BY Ashwini Sharma / Millennium Post

shimla: Barely three months to go to the polls, Himachal Pradesh’s BJP government has tweaked the 16-year-old law the second time to make religious conversions a deterrent act to be dealt with a higher punishment of up to 10 years jail.

No reservation to converts, concealing religion for marriage punishable and illegally claiming benefits will also be an offence under new law.

The state Assembly, which met in Shimla for its last session, passed the amendment to Himachal Pradesh Freedom of Religion (Amendment) Bill 2022. In 2006, the Himachal Pradesh government led by Virbhadra Singh became the first Congress-ruled state in the country to pass an anti-conversion law following incidence of conversions involving mainly poor and unprivileged Dalits in the interiors of Shimla, Kullu, Mandi and Sirmaur districts.

The law was later challenged in the High Court by a Delhi-based organisation. The Court struck down only few provisions of the Act yet saving the Act from being quashed.

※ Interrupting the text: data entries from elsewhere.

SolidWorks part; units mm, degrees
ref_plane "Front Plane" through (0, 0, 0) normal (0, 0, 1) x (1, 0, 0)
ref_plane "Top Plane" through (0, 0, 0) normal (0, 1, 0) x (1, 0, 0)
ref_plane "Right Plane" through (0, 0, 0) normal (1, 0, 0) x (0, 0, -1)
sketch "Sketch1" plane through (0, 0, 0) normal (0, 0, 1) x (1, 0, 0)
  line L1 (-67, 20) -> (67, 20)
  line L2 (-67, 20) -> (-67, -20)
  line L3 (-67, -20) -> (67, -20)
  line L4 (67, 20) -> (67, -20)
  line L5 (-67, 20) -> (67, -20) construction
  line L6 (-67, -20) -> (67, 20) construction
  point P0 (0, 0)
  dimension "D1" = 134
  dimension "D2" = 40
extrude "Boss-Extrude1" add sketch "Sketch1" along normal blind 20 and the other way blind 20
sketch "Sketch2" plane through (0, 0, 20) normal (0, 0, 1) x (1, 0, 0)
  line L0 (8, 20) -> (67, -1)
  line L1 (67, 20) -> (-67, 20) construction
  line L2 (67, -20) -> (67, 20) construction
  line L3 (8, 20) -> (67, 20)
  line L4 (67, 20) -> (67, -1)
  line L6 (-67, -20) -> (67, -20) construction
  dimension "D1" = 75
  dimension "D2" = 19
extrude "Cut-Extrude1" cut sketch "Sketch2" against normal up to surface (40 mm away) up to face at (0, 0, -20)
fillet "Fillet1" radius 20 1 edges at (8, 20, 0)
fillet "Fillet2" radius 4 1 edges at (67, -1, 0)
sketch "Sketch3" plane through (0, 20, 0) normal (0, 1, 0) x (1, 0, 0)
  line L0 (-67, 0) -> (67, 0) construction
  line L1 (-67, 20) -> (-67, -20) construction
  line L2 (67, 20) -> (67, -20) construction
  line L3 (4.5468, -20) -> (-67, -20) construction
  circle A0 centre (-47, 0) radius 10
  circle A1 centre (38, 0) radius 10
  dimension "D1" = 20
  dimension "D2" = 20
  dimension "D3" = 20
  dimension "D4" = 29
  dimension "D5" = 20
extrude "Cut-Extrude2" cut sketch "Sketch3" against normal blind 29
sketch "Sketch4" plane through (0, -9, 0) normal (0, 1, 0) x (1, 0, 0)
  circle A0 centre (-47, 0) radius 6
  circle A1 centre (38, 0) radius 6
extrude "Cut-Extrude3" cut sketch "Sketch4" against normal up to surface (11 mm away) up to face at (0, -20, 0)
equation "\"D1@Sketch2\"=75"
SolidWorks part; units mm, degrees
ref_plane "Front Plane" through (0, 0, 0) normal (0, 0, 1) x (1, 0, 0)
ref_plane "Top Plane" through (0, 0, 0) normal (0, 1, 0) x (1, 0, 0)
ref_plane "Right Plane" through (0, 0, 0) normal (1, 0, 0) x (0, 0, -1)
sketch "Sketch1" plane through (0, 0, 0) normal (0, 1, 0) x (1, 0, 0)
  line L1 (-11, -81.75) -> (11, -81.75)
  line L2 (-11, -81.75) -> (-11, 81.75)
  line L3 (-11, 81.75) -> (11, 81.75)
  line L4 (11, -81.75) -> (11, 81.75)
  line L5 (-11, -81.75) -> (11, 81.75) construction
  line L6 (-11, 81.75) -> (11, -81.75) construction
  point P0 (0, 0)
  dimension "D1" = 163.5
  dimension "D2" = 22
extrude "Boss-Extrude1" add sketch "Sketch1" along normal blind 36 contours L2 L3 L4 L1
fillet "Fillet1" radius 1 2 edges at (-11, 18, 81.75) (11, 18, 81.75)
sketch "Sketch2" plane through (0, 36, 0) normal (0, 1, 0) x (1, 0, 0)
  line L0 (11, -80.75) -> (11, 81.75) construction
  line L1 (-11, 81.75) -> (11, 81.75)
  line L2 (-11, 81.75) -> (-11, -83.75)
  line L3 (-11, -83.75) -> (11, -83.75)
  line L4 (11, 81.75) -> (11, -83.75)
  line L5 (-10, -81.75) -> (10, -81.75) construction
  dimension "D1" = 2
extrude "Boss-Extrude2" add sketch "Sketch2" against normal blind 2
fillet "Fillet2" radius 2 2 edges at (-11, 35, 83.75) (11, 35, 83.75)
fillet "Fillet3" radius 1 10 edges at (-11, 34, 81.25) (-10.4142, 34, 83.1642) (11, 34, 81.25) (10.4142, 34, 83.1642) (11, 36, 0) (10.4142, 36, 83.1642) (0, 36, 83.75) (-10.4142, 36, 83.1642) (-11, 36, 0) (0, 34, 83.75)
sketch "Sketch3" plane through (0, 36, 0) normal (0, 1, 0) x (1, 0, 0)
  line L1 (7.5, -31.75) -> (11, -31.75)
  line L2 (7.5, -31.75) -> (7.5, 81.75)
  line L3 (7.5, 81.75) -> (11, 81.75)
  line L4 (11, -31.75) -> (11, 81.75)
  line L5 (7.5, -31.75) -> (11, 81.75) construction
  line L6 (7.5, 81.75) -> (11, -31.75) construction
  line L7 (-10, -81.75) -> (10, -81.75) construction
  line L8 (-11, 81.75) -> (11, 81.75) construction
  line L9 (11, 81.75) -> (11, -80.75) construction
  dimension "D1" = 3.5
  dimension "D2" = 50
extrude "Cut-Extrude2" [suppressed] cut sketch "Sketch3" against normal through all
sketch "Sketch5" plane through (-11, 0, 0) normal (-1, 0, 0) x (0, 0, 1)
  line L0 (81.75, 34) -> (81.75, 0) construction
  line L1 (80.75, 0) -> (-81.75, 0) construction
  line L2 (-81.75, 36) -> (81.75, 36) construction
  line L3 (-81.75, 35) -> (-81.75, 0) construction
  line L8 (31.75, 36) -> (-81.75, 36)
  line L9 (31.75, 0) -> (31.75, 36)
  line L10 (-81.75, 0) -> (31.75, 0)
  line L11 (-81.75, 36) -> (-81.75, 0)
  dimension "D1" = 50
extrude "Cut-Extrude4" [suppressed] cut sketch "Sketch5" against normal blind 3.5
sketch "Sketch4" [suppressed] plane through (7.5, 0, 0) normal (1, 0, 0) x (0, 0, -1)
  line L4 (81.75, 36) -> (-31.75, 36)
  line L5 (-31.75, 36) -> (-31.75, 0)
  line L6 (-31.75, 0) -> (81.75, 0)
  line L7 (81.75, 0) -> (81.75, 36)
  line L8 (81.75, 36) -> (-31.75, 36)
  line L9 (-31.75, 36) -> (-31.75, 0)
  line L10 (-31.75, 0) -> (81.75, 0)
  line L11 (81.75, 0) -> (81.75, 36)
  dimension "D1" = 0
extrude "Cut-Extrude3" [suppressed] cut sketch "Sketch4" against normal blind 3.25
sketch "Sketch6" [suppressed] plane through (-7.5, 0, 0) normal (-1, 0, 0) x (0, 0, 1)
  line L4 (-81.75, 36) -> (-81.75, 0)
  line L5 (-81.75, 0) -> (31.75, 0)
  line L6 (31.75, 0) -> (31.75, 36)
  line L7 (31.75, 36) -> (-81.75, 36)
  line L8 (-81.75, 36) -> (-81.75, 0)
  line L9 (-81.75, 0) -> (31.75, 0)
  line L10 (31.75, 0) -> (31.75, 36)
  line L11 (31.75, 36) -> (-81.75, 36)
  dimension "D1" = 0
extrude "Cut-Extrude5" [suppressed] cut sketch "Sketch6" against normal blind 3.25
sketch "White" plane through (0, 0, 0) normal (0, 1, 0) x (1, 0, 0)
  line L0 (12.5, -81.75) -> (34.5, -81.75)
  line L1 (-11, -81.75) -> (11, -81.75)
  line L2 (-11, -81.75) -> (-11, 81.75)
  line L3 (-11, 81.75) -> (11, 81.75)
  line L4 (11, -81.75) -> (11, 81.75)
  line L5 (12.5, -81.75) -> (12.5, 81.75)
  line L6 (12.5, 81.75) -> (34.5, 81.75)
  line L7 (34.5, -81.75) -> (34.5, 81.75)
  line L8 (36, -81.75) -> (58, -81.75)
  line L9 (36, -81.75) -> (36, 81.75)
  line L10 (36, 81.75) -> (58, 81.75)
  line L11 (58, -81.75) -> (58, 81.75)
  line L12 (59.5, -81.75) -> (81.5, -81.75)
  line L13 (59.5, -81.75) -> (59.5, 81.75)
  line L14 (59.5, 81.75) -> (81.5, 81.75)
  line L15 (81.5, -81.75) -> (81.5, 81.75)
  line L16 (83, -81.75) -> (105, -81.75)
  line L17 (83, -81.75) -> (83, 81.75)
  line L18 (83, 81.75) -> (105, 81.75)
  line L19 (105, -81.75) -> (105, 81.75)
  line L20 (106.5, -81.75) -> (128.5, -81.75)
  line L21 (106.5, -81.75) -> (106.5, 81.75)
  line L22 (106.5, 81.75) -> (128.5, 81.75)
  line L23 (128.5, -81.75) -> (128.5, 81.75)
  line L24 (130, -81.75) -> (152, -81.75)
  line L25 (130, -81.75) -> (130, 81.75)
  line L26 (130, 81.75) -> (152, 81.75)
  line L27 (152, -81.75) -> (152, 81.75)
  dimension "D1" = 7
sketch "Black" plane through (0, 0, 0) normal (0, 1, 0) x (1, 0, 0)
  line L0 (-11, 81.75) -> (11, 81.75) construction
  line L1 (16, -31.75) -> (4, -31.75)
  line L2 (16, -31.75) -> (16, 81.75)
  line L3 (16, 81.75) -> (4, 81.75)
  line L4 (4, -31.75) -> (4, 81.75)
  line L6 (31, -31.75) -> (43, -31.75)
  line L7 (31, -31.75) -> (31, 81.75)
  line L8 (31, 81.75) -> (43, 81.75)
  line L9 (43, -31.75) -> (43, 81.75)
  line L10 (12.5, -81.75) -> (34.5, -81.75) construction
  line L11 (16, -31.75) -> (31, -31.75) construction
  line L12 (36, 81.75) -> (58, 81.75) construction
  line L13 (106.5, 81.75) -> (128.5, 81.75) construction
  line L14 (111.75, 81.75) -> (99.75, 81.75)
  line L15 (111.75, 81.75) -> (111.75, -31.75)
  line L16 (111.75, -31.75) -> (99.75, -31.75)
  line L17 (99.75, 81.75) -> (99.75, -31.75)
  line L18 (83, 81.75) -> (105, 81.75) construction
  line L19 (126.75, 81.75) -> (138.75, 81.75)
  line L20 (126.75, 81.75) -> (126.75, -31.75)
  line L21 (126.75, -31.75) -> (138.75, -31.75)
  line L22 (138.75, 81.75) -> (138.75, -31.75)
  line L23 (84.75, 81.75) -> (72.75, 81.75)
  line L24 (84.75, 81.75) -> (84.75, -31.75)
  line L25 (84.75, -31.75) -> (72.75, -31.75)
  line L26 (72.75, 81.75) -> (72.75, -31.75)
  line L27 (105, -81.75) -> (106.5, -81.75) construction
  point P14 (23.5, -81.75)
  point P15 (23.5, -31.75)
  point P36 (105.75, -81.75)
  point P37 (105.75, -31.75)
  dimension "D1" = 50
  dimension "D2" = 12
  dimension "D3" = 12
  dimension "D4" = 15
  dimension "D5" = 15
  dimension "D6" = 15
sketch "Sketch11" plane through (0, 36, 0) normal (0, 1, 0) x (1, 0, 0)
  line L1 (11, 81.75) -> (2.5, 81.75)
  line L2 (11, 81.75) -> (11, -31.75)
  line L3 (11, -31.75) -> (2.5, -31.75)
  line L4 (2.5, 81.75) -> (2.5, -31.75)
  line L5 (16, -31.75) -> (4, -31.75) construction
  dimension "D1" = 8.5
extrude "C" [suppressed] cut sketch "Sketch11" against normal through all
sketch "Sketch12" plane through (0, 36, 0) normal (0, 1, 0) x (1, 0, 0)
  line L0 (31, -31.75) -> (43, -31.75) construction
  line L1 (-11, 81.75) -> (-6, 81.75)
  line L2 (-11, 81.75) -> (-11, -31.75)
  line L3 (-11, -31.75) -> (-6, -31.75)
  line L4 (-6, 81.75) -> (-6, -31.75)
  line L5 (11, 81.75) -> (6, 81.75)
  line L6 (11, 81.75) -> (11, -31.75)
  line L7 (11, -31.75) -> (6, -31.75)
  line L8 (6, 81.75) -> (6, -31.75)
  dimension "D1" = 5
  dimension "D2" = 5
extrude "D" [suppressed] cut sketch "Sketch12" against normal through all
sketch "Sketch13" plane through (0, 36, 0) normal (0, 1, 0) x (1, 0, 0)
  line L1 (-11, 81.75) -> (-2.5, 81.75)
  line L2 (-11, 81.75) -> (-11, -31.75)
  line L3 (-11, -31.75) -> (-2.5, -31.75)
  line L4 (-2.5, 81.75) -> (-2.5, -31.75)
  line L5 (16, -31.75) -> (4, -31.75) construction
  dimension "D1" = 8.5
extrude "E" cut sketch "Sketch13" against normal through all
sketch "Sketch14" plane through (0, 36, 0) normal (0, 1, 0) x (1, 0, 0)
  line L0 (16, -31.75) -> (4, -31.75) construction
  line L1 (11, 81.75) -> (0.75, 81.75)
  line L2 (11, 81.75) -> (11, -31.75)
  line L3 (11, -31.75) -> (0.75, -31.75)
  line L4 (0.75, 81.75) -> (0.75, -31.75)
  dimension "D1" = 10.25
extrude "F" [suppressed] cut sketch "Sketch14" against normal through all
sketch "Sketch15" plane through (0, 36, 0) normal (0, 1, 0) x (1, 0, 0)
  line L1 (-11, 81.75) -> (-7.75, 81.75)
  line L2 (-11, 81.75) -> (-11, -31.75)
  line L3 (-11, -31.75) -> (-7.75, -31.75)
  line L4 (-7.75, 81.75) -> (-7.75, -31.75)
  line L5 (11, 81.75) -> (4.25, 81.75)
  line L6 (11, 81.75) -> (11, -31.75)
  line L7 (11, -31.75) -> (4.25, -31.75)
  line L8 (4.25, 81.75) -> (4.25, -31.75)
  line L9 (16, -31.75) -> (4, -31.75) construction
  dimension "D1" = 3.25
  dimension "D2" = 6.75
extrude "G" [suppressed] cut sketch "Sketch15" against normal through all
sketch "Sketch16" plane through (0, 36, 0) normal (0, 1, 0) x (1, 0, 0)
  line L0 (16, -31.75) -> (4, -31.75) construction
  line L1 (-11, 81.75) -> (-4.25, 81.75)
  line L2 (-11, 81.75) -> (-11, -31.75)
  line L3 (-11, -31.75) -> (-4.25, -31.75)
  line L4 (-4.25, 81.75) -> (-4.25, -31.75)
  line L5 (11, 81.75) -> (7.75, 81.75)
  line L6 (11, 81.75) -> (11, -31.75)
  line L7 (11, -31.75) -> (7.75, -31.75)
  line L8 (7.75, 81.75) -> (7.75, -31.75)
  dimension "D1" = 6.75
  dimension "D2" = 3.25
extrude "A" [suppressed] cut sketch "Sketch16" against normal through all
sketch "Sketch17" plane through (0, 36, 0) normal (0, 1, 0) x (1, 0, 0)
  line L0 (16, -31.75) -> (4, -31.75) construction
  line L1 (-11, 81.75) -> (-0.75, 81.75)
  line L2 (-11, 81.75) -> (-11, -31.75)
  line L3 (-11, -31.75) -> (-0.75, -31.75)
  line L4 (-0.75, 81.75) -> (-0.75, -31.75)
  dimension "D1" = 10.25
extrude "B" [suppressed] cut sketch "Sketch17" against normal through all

The Christian organisations had also complained against the law to the Congress High Command but Virbhadra Singh stood by the legislation.

In 2019, the BJP government amended the law to raise the quantum of punishment from three years to seven years and also broadened the scope of the law to deal with what Vishva Hindu Parishad (VHP) called “love jihad.” Some of the provisions struck down by the High Court were also replaced.